▶ Your instructions
Repeat the entries below exactly. Drop the pictures.

......

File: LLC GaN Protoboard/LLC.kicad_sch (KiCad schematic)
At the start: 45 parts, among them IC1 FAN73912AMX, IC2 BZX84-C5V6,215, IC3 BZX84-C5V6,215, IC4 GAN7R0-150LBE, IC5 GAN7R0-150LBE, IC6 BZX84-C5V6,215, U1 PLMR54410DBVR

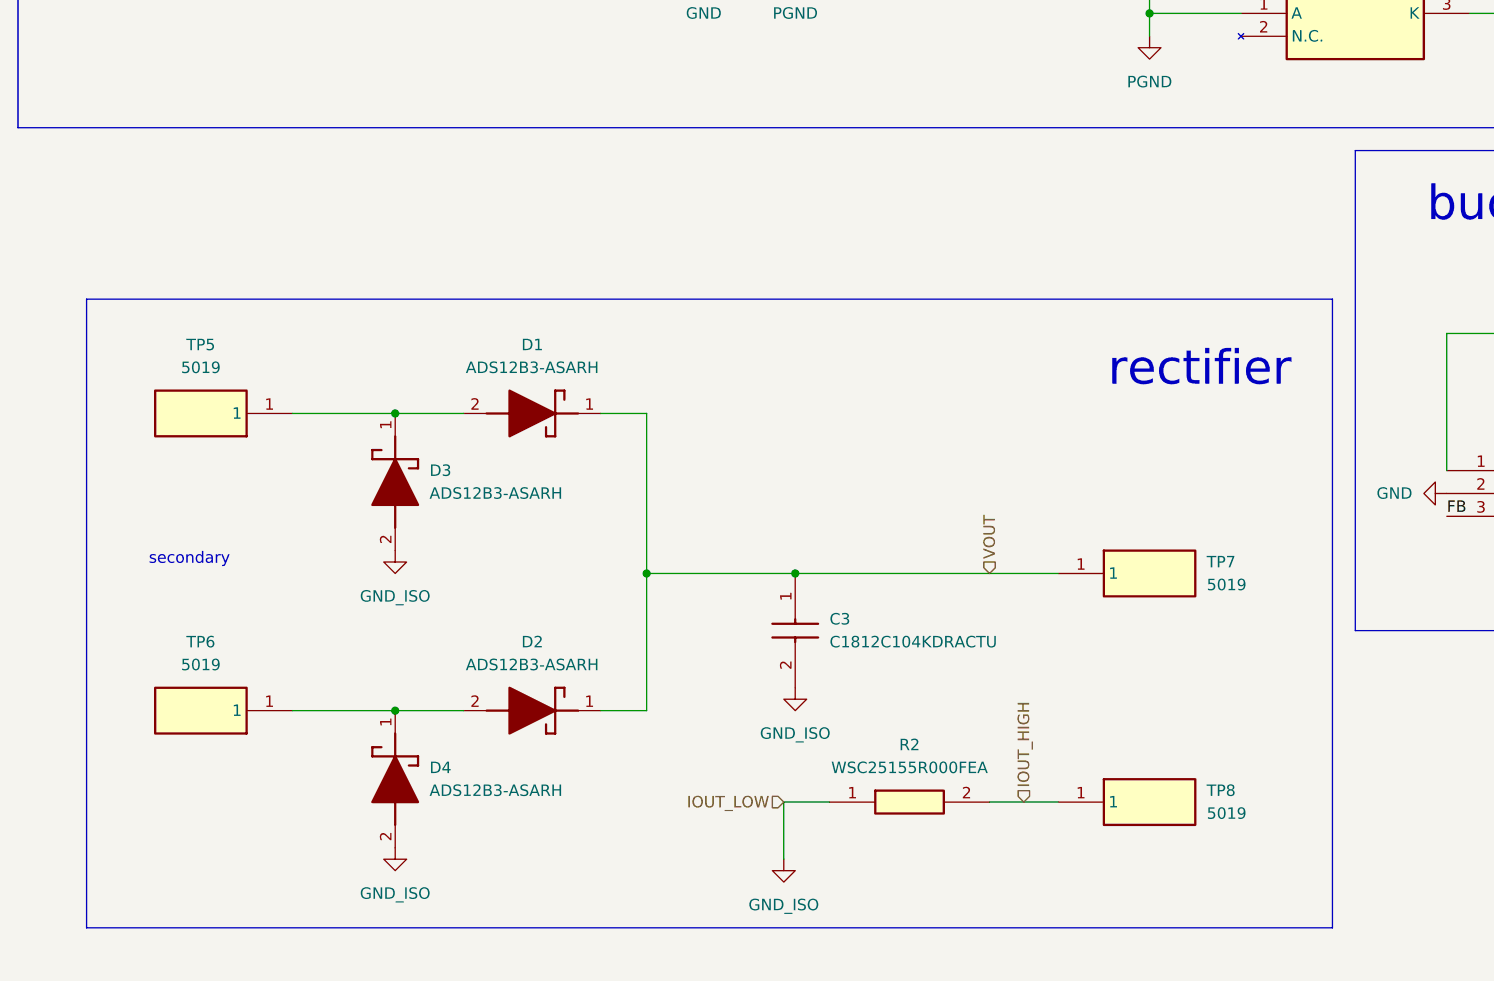
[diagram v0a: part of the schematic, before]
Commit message: Added secondary clamp and swapped components
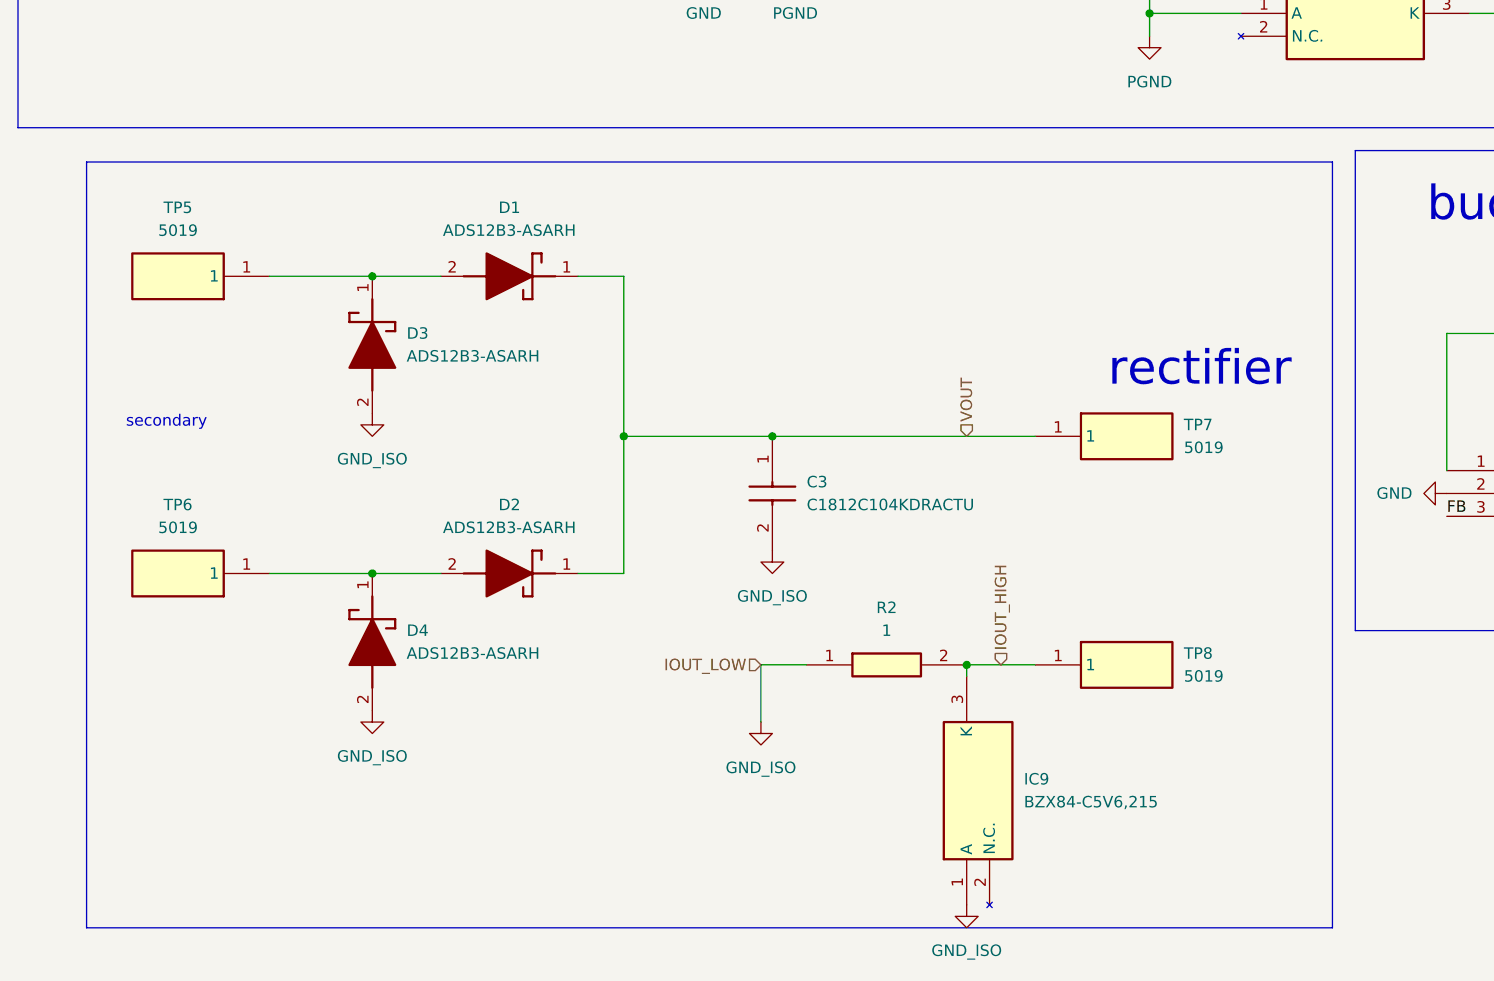
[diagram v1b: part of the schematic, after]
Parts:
- added IC9: BZX84-C5V6,215, BZX84-C5V6,215:SOT95P230X110-3N, symbol BZX84-C5V6_215:BZX84-C5V6,215
- R2: value WSC25155R000FEA -> 1
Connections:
- net GND_ISO: now also IC9.1 (A)
- net IOUT_HIGH: now also IC9.3 (K)
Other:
- moved on the sheet: C3, D1, D2, D3, D4, R2, TP5, TP6, TP7, TP8

......

▶ Solution
File: LLC GaN Protoboard/LLC.kicad_sch (KiCad schematic)
At the start: 45 parts, among them IC1 FAN73912AMX, IC2 BZX84-C5V6,215, IC3 BZX84-C5V6,215, IC4 GAN7R0-150LBE, IC5 GAN7R0-150LBE, IC6 BZX84-C5V6,215, U1 PLMR54410DBVR

[diagram v0a: part of the schematic, before]
Commit message: Added secondary clamp and swapped components
[diagram v1b: part of the schematic, after]
Parts:
- added IC9: BZX84-C5V6,215, BZX84-C5V6,215:SOT95P230X110-3N, symbol BZX84-C5V6_215:BZX84-C5V6,215
- R2: value WSC25155R000FEA -> 1
Connections:
- net GND_ISO: now also IC9.1 (A)
- net IOUT_HIGH: now also IC9.3 (K)
Other:
- moved on the sheet: C3, D1, D2, D3, D4, R2, TP5, TP6, TP7, TP8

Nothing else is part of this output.